Этого я не могу вспомнить. Только духота, тяжесть, ее духи.
«С кем-нибудь другим вы так больше никогда не лежали? С Либби, например? Или с одной из ее предшественниц?»
Господи, нет! И моя мать тут ни при чем. Ну хорошо. Да. Разумеется, я отдаю себе отчет в том, что ее бегство от меня — от нас — кажется весьма значительным событием. Я не идиот, доктор Роуз. Я возвращаюсь домой из Австрии, моя мать исчезла, и больше я никогда ее не увижу, никогда не услышу ее голос, не прочитаю ни слова, написанного ее почерком и адресованного мне… Да-да, я знаю, что можно подумать. И в состоянии предположить, какие выводы я, ребенок, мог сделать из той ситуации: я виноват. Вероятно, в восемь или девять лет — сколько там мне было, когда она ушла, — я и делаю такой вывод, но я не помню, чтобы меня посещали подобные размышления, а в настоящее время я такого вывода не делаю. Она просто ушла. Все. Конец истории.

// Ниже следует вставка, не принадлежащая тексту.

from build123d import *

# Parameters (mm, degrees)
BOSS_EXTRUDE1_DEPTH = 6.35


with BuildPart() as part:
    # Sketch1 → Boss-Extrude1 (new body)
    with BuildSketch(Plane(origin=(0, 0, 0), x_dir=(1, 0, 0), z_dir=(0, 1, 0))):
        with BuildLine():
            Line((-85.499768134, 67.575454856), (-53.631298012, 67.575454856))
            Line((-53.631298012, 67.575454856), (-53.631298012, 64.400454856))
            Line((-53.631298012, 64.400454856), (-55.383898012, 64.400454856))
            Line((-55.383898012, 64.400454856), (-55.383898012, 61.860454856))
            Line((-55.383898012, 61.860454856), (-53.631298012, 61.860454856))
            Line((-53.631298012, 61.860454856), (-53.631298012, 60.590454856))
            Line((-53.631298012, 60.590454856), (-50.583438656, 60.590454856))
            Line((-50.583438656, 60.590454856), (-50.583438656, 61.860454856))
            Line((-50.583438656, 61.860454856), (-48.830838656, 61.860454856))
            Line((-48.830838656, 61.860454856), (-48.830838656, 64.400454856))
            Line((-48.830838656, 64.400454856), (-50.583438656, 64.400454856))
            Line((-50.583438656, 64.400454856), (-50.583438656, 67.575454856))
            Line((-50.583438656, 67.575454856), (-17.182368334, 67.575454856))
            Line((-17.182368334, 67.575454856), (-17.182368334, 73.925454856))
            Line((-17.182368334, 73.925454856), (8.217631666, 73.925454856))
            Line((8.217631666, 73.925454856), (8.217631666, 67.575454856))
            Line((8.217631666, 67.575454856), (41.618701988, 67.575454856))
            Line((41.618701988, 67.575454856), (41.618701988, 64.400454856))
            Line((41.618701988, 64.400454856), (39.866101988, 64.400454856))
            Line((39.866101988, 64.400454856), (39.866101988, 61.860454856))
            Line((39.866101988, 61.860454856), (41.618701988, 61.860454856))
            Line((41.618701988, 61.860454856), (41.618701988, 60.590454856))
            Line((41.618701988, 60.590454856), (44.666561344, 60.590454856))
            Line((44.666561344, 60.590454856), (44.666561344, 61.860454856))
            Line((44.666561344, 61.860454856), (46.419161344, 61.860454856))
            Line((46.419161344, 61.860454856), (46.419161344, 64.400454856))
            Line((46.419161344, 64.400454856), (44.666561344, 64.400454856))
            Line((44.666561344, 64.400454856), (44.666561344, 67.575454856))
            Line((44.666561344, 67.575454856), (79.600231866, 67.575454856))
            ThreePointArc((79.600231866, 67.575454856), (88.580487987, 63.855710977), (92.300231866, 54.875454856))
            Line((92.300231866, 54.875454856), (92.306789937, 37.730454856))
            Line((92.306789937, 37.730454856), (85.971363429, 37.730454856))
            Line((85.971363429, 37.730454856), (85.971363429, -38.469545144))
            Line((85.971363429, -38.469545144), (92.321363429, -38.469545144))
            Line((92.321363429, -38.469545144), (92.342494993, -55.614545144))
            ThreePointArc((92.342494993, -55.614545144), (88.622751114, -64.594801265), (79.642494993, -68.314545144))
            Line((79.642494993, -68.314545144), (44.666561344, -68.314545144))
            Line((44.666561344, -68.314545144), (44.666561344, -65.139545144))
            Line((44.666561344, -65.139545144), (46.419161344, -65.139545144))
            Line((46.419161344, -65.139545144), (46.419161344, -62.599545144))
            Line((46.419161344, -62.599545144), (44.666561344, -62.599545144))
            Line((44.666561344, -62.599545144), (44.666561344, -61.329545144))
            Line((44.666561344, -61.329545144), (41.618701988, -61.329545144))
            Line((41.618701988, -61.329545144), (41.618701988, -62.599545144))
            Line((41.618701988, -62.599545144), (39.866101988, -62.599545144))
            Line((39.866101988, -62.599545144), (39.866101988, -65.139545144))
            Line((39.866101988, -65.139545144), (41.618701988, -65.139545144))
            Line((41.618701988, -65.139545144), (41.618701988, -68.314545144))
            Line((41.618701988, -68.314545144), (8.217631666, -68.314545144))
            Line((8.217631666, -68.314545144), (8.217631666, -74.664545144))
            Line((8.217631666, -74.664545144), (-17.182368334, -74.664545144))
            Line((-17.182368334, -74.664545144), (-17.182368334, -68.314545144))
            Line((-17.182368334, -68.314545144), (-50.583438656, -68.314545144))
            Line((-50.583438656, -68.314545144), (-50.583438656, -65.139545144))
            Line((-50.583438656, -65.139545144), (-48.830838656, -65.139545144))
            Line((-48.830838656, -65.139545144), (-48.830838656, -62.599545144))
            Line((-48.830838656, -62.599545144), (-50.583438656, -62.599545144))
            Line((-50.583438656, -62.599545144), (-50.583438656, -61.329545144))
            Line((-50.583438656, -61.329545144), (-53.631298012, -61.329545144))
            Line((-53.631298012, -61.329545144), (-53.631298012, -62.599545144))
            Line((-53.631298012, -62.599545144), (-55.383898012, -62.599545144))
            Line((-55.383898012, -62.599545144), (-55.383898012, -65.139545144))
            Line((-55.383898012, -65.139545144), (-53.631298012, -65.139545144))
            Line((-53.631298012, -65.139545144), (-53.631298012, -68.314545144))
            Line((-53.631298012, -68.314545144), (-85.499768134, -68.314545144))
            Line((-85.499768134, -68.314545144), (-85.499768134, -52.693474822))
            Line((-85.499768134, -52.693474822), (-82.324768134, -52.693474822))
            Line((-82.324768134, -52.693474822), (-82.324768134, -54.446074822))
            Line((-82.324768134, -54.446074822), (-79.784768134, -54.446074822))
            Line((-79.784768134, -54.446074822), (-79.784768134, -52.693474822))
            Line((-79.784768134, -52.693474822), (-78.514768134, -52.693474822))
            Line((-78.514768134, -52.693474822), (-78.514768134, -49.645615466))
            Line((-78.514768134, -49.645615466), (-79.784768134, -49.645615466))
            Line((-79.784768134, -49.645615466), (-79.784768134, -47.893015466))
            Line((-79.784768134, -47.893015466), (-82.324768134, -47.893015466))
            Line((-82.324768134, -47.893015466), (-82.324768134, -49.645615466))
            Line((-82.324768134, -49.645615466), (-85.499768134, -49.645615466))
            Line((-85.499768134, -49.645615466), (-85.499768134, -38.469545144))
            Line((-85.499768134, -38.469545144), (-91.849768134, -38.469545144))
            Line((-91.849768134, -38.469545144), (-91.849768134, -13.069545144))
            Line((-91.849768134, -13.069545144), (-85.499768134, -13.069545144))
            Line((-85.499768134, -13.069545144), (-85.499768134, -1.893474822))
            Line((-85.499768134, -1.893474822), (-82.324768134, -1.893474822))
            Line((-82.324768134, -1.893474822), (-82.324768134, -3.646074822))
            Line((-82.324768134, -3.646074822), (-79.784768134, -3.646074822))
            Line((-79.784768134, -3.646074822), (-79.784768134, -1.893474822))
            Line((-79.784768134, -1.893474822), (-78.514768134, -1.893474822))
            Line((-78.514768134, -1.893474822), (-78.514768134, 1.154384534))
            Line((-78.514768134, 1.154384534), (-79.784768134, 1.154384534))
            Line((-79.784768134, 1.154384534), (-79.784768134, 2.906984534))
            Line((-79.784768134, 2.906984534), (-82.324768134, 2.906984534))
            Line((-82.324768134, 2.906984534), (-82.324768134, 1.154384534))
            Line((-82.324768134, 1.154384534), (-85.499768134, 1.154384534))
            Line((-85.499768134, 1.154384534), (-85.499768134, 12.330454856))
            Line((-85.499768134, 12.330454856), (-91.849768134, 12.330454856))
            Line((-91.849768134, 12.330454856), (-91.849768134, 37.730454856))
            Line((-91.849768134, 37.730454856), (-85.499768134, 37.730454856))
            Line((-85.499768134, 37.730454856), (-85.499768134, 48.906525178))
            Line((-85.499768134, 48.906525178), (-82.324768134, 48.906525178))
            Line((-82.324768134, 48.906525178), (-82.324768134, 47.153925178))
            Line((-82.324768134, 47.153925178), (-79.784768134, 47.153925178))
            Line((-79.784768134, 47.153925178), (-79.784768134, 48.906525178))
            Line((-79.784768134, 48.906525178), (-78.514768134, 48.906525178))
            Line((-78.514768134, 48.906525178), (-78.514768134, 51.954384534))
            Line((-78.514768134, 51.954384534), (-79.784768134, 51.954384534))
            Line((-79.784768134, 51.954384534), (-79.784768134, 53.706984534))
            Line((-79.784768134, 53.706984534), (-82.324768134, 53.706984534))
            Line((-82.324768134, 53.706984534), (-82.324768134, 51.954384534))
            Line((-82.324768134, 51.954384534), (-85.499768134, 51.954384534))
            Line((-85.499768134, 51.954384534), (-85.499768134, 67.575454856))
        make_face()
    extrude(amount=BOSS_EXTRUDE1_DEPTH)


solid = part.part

«Что вы имеете в виду, говоря 'конец истории'?» — спрашиваете вы.
Буквально это и имею в виду. Мы о ней больше никогда не говорили. Или, по крайней мере, я никогда о ней не говорил. А если бабушка, дедушка и отец говорили, или Рафаэль, или Сара Джейн, или жилец Джеймс…
«Он все еще был с вами, когда ваша мать ушла из семьи?»
Да, был… Или нет? Нет. Должно быть, он уже съехал. Тогда с нами жил Кальвин, кажется. По-моему, я раньше говорил о Кальвине. О том, что жилец Кальвин искал номер телефона, когда у дедушки случился «эпизод» после ухода матери… Значит, к тому времени жилец Джеймс уже исчез…
«Вы говорите «исчез». Это слово предполагает секретность, — замечаете вы. — Была ли секретность в отъезде жильца Джеймса?»
Секретность была во всем. Молчание и секретность. Такое у меня впечатление. Я захожу в комнату, и тут же наступает тишина, и я знаю, что они говорили о матери. А мне о ней говорить не разрешается.
«Что будет, если вы заговорите о ней?»
Не знаю, потому что я никогда не проверял этого.
«Почему?»
Потому что музыка — главное. У меня есть моя музыка. У меня по-прежнему есть моя музыка. У отца, у деда, у бабушки, у Сары Джейн и у Рафаэля. Даже у жильца Кальвина. У нас у всех есть моя музыка.
«Это правило было установлено явным образом? Правило о том, что вы не должны спрашивать о своей матери? Или оно просто подразумевалось?»
Наверное… Не знаю. Она не встречает нас, когда мы возвращаемся из Австрии. Ее нет, но вслух никто не признает этого факта. В доме не осталось и следа от тех лет, что она провела с нами. Кажется, что ее вообще не существовало. И никто не говорит ни слова. Взрослые не делают вида, будто она внезапно куда- то уехала. Они не делают вида, что она скоропостижно скончалась. Они не делают вида, что она сбежала с другим мужчиной. Они ведут себя так, будто ее никогда и не было. И жизнь продолжается.
«Вы никогда не спрашивали, где она?»
Должно быть, я знал, что это одна из тем, на которые мы просто не разговаривали.
«Одна из тем? Были и другие?»
Мне кажется, что я не скучал по ней. Я даже не помню, чтобы мне в какой-то момент ее недоставало.